You may have noticed in your chart-gazing that some gaps are really big but then fall throughout the day as sellers take their surprise profits. And other stocks just keep going up and up all day. So is there a difference if we buy at the close of a ‘green’ day rather than a ‘red’ day? Let’s take a look:
The chart above shows what happens when you buy at the close of a “green” day and sell at the close five days later. Basically it’s a bad idea to do this for most percentage gaps! Why gap values between 7-8% show an average gain while the rest of the graph is negative (ignoring the infrequent >15% trades) is a mystery. Possibly erroneous data, so I wouldn’t blindly trade it without further investigation. But overall it looks like green-day gaps only lead to misery unless you’re shorting the stock.
Ok so what if there’s a gap up, but then the day closes in the red? Is there an opportunity there?
Sure looks like there might be. Between 5-6% is still a losing (aka “shorting”) proposition even with a down day, but get into the 6-15% range and you’ve got a winner.
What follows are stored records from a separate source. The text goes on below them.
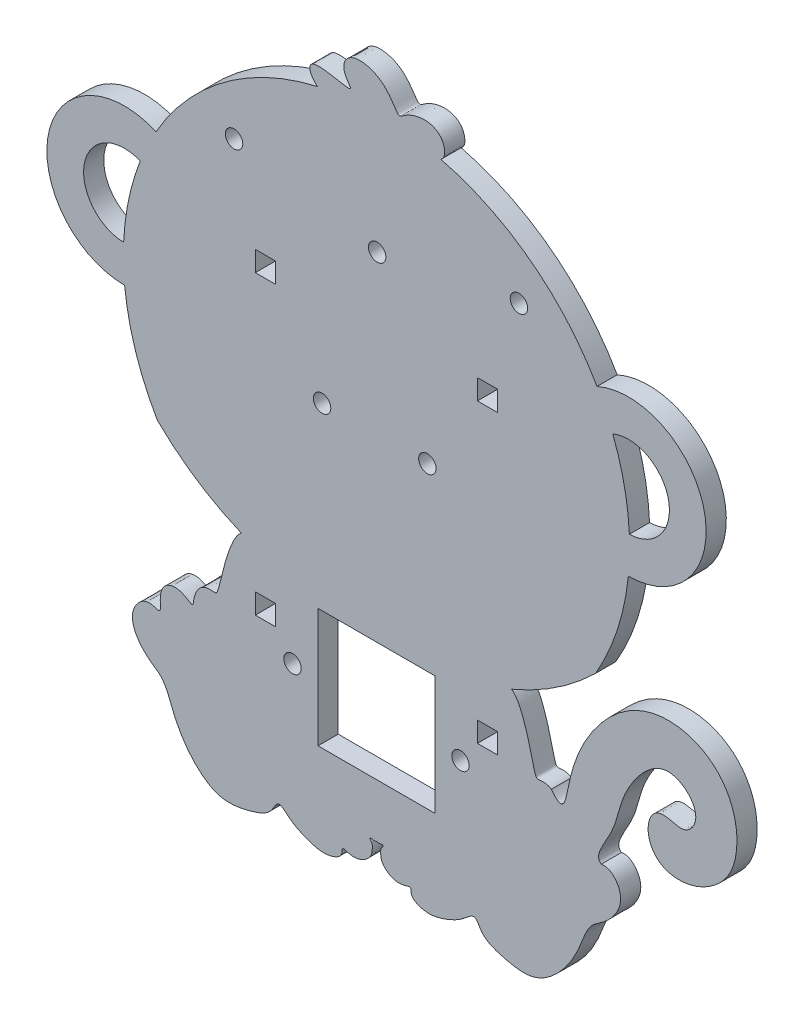
from build123d import *

# Parameters (mm, degrees)
MODEL_R             = 2.05
MODEL_W             = 4.75
MODEL_H             = 4.75
MODEL_W_2           = 27.5
MODEL_H_2           = 28
BOSS_EXTRUDE1_DEPTH = 4.75


with BuildPart() as part:
    # Model → Boss-Extrude1 (new body)
    with BuildSketch(Plane.XY):
        with BuildLine():
            ThreePointArc((-295.53920269, 433.095020448), (-277.643269068, 455.12113969), (-302.913653982, 468.037099404))
            ThreePointArc((-302.913653982, 468.037099404), (-318.490243046, 485.80537303), (-339.811140885, 495.991686882))
            add(Edge.make_bspline(
                [(-368.648535438, 496.252173352), (-368.744458236, 496.318852064), (-368.933155722, 496.46135137), (-369.206763211, 496.702529524), (-369.552638711, 497.078952875), (-369.945448044, 497.635151945), (-370.27396009, 498.258937778), (-370.49029081, 498.914952019), (-370.51070775, 499.541563445), (-370.238365938, 500.064302422), (-369.5990972, 500.417471707), (-368.57162488, 500.562380095), (-367.22355688, 500.508813977), (-365.687080465, 500.304348965), (-364.130399482, 500.021394498), (-362.730437113, 499.744991582), (-361.645780778, 499.560560003), (-360.987783845, 499.541133492), (-360.796409046, 499.736067669), (-361.003653893, 500.155847055), (-361.456239643, 500.775355547), (-361.969645158, 501.546412025), (-362.368346783, 502.406968262), (-362.540769792, 503.292531993), (-362.454363932, 504.143316727), (-362.127001431, 504.906996063), (-361.609010526, 505.54285956), (-360.962354705, 506.024792223), (-360.237689537, 506.346315269), (-359.465109655, 506.519028644), (-358.662050204, 506.563781119), (-357.836770513, 506.503364206), (-356.993360104, 506.355416269), (-356.136711355, 506.123246396), (-355.27524615, 505.794703449), (-354.419874931, 505.352916652), (-353.583850229, 504.783872945), (-352.782377599, 504.085819177), (-352.032065864, 503.276653785), (-351.351103862, 502.405268117), (-350.756796891, 501.550400765), (-350.259062752, 500.800910062), (-349.854900796, 500.240489256), (-349.52240587, 499.930593307), (-349.215031159, 499.894076524), (-348.855526802, 500.098537748), (-348.362085472, 500.475509867), (-347.67170771, 500.938251599), (-346.770031422, 501.402187782), (-345.688786994, 501.792289415), (-344.48987856, 502.045099565), (-343.253856136, 502.112491058), (-342.066559862, 501.964757688), (-341.006667622, 501.593968073), (-340.132609258, 501.01739116), (-339.470394525, 500.280534755), (-339.021946768, 499.447136213), (-338.772548612, 498.589873373), (-338.698846344, 497.780410896), (-338.775989921, 497.080683391), (-338.986639614, 496.531262609), (-339.255348506, 496.227388525), (-339.511863577, 496.0787419), (-339.707309513, 496.014838841), (-339.811140885, 495.991686882)],
                knots=[0, 0, 0, 0, 0, 0, 0.016666667, 0.033333333, 0.05, 0.066666667, 0.083333333, 0.1, 0.116666667, 0.133333333, 0.15, 0.166666667, 0.183333333, 0.2, 0.216666667, 0.233333333, 0.25, 0.266666667, 0.283333333, 0.3, 0.316666667, 0.333333333, 0.35, 0.366666667, 0.383333333, 0.4, 0.416666667, 0.433333333, 0.45, 0.466666667, 0.483333333, 0.5, 0.516666667, 0.533333333, 0.55, 0.566666667, 0.583333333, 0.6, 0.616666667, 0.633333333, 0.65, 0.666666667, 0.683333333, 0.7, 0.716666667, 0.733333333, 0.75, 0.766666667, 0.783333333, 0.8, 0.816666667, 0.833333333, 0.85, 0.866666667, 0.883333333, 0.9, 0.916666667, 0.933333333, 0.95, 0.966666667, 0.983333333, 1, 1, 1, 1, 1, 1], degree=5))
            ThreePointArc((-368.648535438, 496.252173352), (-390.614540969, 486.143224047), (-406.641533995, 468.037099404))
            ThreePointArc((-406.641533995, 468.037099404), (-431.911918909, 455.12113969), (-414.015985287, 433.095020448))
            ThreePointArc((-414.015985287, 433.095020448), (-411.431056442, 420.844790734), (-406.306877408, 409.421447336))
            ThreePointArc((-406.306877408, 409.421447336), (-397.05642145, 401.927835806), (-386.551251239, 396.327251189))
            add(Edge.make_bspline(
                [(-386.551251239, 396.327251189), (-386.916052394, 396.079204413), (-387.365984237, 395.634433922), (-387.896797281, 394.898644088), (-388.503330161, 393.757203334), (-389.171452603, 392.131003368), (-389.577925954, 391.014654975), (-389.970270784, 389.819275468), (-390.419319319, 388.323421516), (-390.83332726, 386.804935246), (-391.201587088, 385.34636593), (-391.516679205, 384.035346949), (-391.781698399, 382.944281063), (-391.975355466, 382.209449772), (-392.15403089, 381.664820315), (-392.336737386, 381.31109681), (-392.551498562, 381.129911234), (-392.833479669, 381.082225409), (-393.211479982, 381.115525432), (-393.693425125, 381.169472404), (-394.261194431, 381.182617586), (-394.881047474, 381.099420015), (-395.510435114, 380.877573231), (-396.105936728, 380.494485307), (-396.631517428, 379.95585235), (-397.063963964, 379.297531395), (-397.39210439, 378.573969962), (-397.617276013, 377.849585475), (-397.753517497, 377.188797135), (-397.82736951, 376.647023839), (-397.879059879, 376.260334721), (-397.959633552, 376.038465419), (-398.114782848, 375.972462073), (-398.366034123, 376.040823891), (-398.706936261, 376.21469148), (-399.120091801, 376.460086445), (-399.591458011, 376.741171495), (-400.117952431, 377.022315753), (-400.699774201, 377.268862798), (-401.463798734, 377.484035353), (-402.300244633, 377.553822048), (-403.174091852, 377.426716269), (-404.002173047, 377.065864722), (-404.698224792, 376.46441147), (-405.153470998, 375.811835942), (-405.461269956, 375.032169593), (-405.619922332, 374.166940367), (-405.657953521, 373.27889911), (-405.626485489, 372.442499072), (-405.587522811, 371.731075977), (-405.603727217, 371.205296174), (-405.727364814, 370.900755869), (-405.990085682, 370.81668236), (-406.39105056, 370.902146782), (-406.905602715, 371.07475403), (-407.496249881, 371.243305804), (-408.122207542, 371.327500075), (-408.751072773, 371.282728006), (-409.35960202, 371.097539496), (-409.931191749, 370.782809916), (-410.454421679, 370.36348433), (-410.921225043, 369.869653892), (-411.325051593, 369.32694511), (-411.659572418, 368.750331411), (-411.919102239, 368.147846593), (-412.098696202, 367.522400938), (-412.194371621, 366.874422897), (-412.203287138, 366.20397783), (-412.092164868, 365.237355517), (-411.795780763, 364.240492853), (-411.25356719, 363.0979097), (-410.505546493, 362.004000685), (-409.628552466, 361.020862692), (-408.940714048, 360.363039305), (-408.261699769, 359.795455705), (-407.719269628, 359.383631865), (-407.21381394, 359.028246689), (-406.753242924, 358.71792316), (-406.337217025, 358.432587935), (-405.958407604, 358.146100067), (-405.606436892, 357.832150323), (-405.270933307, 357.469037169), (-404.945150571, 357.045248498), (-404.628769556, 356.563710073), (-404.325203667, 356.036561227), (-404.039420225, 355.480831591), (-403.775511082, 354.913678765), (-403.486293011, 354.234906798), (-403.22438966, 353.563780813), (-402.971971356, 352.893055429), (-402.704512752, 352.203026621), (-402.401681187, 351.478012783), (-402.062584898, 350.721085445), (-401.674639208, 349.927966936), (-401.239024686, 349.111007443), (-400.763113802, 348.289788183), (-400.254340005, 347.481959495), (-399.722634495, 346.692998852), (-399.163365939, 345.932140679), (-398.574323946, 345.19923963), (-397.949478676, 344.488835597), (-397.28186749, 343.797089708), (-396.693729261, 343.232918759), (-395.94666487, 342.573889335), (-395.145878925, 341.947793479), (-394.290902186, 341.375211916), (-393.384167186, 340.882126765), (-392.430043668, 340.491703263), (-391.606002687, 340.243986907), (-390.756002743, 340.079446261), (-389.883129061, 339.998262902), (-388.990604918, 339.995014447), (-388.082210988, 340.060658996), (-387.162607569, 340.183979577), (-386.237707408, 340.353267946), (-385.315001235, 340.557855636), (-384.403963907, 340.789827334), (-383.516286063, 341.045384095), (-382.66652457, 341.327024633), (-381.871318875, 341.642937555), (-381.146754324, 342.002777686), (-380.506140062, 342.414272763), (-379.957720387, 342.879646699), (-379.50217975, 343.391768319), (-379.130782998, 343.931240964), (-378.821858803, 344.461005534), (-378.544703377, 344.932108886), (-378.267774642, 345.29593373), (-377.965518245, 345.51436395), (-377.625879138, 345.570992742), (-377.257148561, 345.481328236), (-376.875804119, 345.278776475), (-376.496250149, 345.00253689), (-376.11706805, 344.682307942), (-375.720845967, 344.335154988), (-375.283150649, 343.970625574), (-374.779103973, 343.593551859), (-374.190278948, 343.207542556), (-373.377688666, 342.741091189), (-372.449841911, 342.284943077), (-371.448923671, 341.861784637), (-370.434447105, 341.496921291), (-369.457107924, 341.211628122), (-368.685864943, 341.035221995), (-367.964373903, 340.924859402), (-367.285516994, 340.881136877), (-366.635919607, 340.902071878), (-366.001452121, 340.984188477), (-365.373937537, 341.123915256), (-364.75630659, 341.318535957), (-364.170945702, 341.568094094), (-363.657947564, 341.87428189), (-363.258368215, 342.235110671), (-362.999601239, 342.639822419), (-362.882834785, 343.065290294), (-362.862380856, 343.467877411), (-362.860328863, 343.794256059), (-362.800804618, 344.002021381), (-362.645316427, 344.082202864), (-362.403915174, 344.064482859), (-362.091030238, 343.983757423), (-361.712216892, 343.868949898), (-361.271123238, 343.746963048), (-360.772201451, 343.643387937), (-360.225145899, 343.584551667), (-359.643851104, 343.593953505), (-359.045609545, 343.68889199), (-358.331130904, 343.914571841), (-357.653031997, 344.271758954), (-357.055699253, 344.71601695), (-356.577458743, 345.17871164), (-356.233391408, 345.621031596), (-356.033125086, 345.975351534), (-355.902737419, 346.342883089), (-355.820827463, 346.757252518), (-355.769760706, 347.236551212), (-355.745106949, 347.759570584), (-355.762413964, 348.248781386), (-355.838587496, 348.623368474), (-355.977712536, 348.837568218), (-356.150848594, 348.941800594), (-356.292732028, 349.075710758), (-356.33646563, 349.288102762), (-356.236344626, 349.443149765), (-355.997125235, 349.455364951), (-355.677539018, 349.382302231), (-355.345578077, 349.318848286), (-355.1000792, 349.319880609), (-354.932396923, 349.356987082), (-354.827970147, 349.397996872), (-354.777593989, 349.422562594)],
                knots=[0, 0, 0, 0, 0, 0, 0.02, 0.025, 0.03, 0.035, 0.04, 0.045, 0.05, 0.06, 0.065, 0.07, 0.075, 0.08, 0.085, 0.09, 0.095, 0.1, 0.105, 0.11, 0.115, 0.12, 0.125, 0.13, 0.135, 0.14, 0.145, 0.15, 0.155, 0.16, 0.165, 0.17, 0.175, 0.18, 0.185, 0.19, 0.195, 0.2, 0.205, 0.21, 0.22, 0.225, 0.23, 0.235, 0.24, 0.245, 0.25, 0.255, 0.26, 0.265, 0.27, 0.275, 0.28, 0.285, 0.29, 0.295, 0.3, 0.305, 0.31, 0.315, 0.32, 0.325, 0.33, 0.335, 0.34, 0.345, 0.35, 0.355, 0.36, 0.375, 0.38, 0.39, 0.395, 0.4, 0.405, 0.41, 0.415, 0.42, 0.425, 0.43, 0.435, 0.44, 0.445, 0.45, 0.455, 0.46, 0.465, 0.47, 0.48, 0.485, 0.49, 0.495, 0.5, 0.51, 0.515, 0.52, 0.525, 0.53, 0.54, 0.545, 0.55, 0.555, 0.56, 0.565, 0.575, 0.58, 0.585, 0.59, 0.595, 0.6, 0.605, 0.61, 0.615, 0.62, 0.625, 0.63, 0.635, 0.64, 0.645, 0.65, 0.655, 0.66, 0.665, 0.67, 0.675, 0.68, 0.685, 0.69, 0.695, 0.7, 0.705, 0.71, 0.715, 0.72, 0.725, 0.73, 0.735, 0.74, 0.745, 0.755, 0.76, 0.765, 0.77, 0.775, 0.78, 0.785, 0.79, 0.795, 0.8, 0.805, 0.81, 0.815, 0.82, 0.825, 0.83, 0.835, 0.84, 0.845, 0.85, 0.855, 0.86, 0.865, 0.87, 0.875, 0.88, 0.885, 0.89, 0.895, 0.905, 0.91, 0.915, 0.92, 0.925, 0.93, 0.935, 0.94, 0.945, 0.95, 0.955, 0.96, 0.965, 0.97, 0.975, 0.98, 0.985, 0.99, 0.995, 1, 1, 1, 1, 1, 1], degree=5))
            add(Edge.make_bspline(
                [(-301.898947089, 371.249991702), (-301.80670497, 371.265018138), (-301.589974955, 371.293910279), (-301.244905456, 371.313674079), (-300.773941346, 371.273545454), (-300.195585957, 371.097539496), (-299.623996228, 370.782809916), (-299.100766299, 370.36348433), (-298.633962934, 369.869653892), (-298.230136384, 369.32694511), (-297.89561556, 368.750331411), (-297.636085738, 368.147846593), (-297.456491776, 367.522400938), (-297.360816357, 366.874422897), (-297.35190084, 366.20397783), (-297.463023109, 365.237355517), (-297.759407215, 364.240492853), (-298.301620787, 363.0979097), (-299.049641484, 362.004000685), (-299.926635511, 361.020862692), (-300.61447393, 360.363039305), (-301.293488209, 359.795455705), (-301.83591835, 359.383631865), (-302.341374037, 359.028246689), (-302.801945054, 358.71792316), (-303.217970952, 358.432587935), (-303.596780374, 358.146100067), (-303.948751085, 357.832150323), (-304.28425467, 357.469037169), (-304.610037406, 357.045248498), (-304.926418421, 356.563710073), (-305.22998431, 356.036561227), (-305.515767753, 355.480831591), (-305.779676896, 354.913678765), (-306.068894967, 354.234906798), (-306.330798317, 353.563780813), (-306.583216622, 352.893055429), (-306.850675225, 352.203026621), (-307.15350679, 351.478012783), (-307.492603079, 350.721085445), (-307.88054877, 349.927966936), (-308.316163291, 349.111007443), (-308.792074176, 348.289788183), (-309.300847972, 347.481959495), (-309.832553482, 346.692998852), (-310.391822039, 345.932140679), (-310.980864031, 345.19923963), (-311.605709301, 344.488835597), (-312.273320488, 343.797089708), (-312.861458716, 343.232918759), (-313.608523108, 342.573889335), (-314.409309053, 341.947793479), (-315.264285791, 341.375211916), (-316.171020791, 340.882126765), (-317.125144309, 340.491703263), (-317.949185291, 340.243986907), (-318.799185234, 340.079446261), (-319.672058916, 339.998262902), (-320.564583059, 339.995014447), (-321.472976989, 340.060658996), (-322.392580408, 340.183979577), (-323.31748057, 340.353267946), (-324.240186742, 340.557855636), (-325.151224071, 340.789827334), (-326.038901914, 341.045384095), (-326.888663407, 341.327024633), (-327.683869103, 341.642937555), (-328.408433654, 342.002777686), (-329.049047915, 342.414272763), (-329.59746759, 342.879646699), (-330.053008227, 343.391768319), (-330.42440498, 343.931240964), (-330.733329174, 344.461005534), (-331.0104846, 344.932108886), (-331.287413335, 345.29593373), (-331.589669732, 345.51436395), (-331.929308839, 345.570992742), (-332.298039416, 345.481328236), (-332.679383858, 345.278776475), (-333.058937829, 345.00253689), (-333.438119927, 344.682307942), (-333.83434201, 344.335154988), (-334.272037329, 343.970625574), (-334.776084004, 343.593551859), (-335.364909029, 343.207542556), (-336.177499311, 342.741091189), (-337.105346067, 342.284943077), (-338.106264306, 341.861784637), (-339.120740873, 341.496921291), (-340.098080053, 341.211628122), (-340.869323035, 341.035221995), (-341.590814074, 340.924859402), (-342.269670984, 340.881136877), (-342.91926837, 340.902071878), (-343.553735856, 340.984188477), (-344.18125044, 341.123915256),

Note the average gain/loss for the 7-8% range here, at just under 1.4%, is higher than any other percentile on any of the other graphs.
So from this very basic data, without filtering for any other conditions in the stock or the wider market, there are two areas that warrant research: shorting any gap that is in the 5-6% range, or going long any gap in the 6-15% range that also has a “down” day as the first day.
If I get around to it, I’ll take a further look at some other variations, like buying at the next day’s open, or setting limit orders etc. For example, what happens if in the following few days the gap is “filled”, i.e. the price drops down below the low of the gap day? Will it go back up? Maybe if I don’t get lazy or distracted, we’ll find out!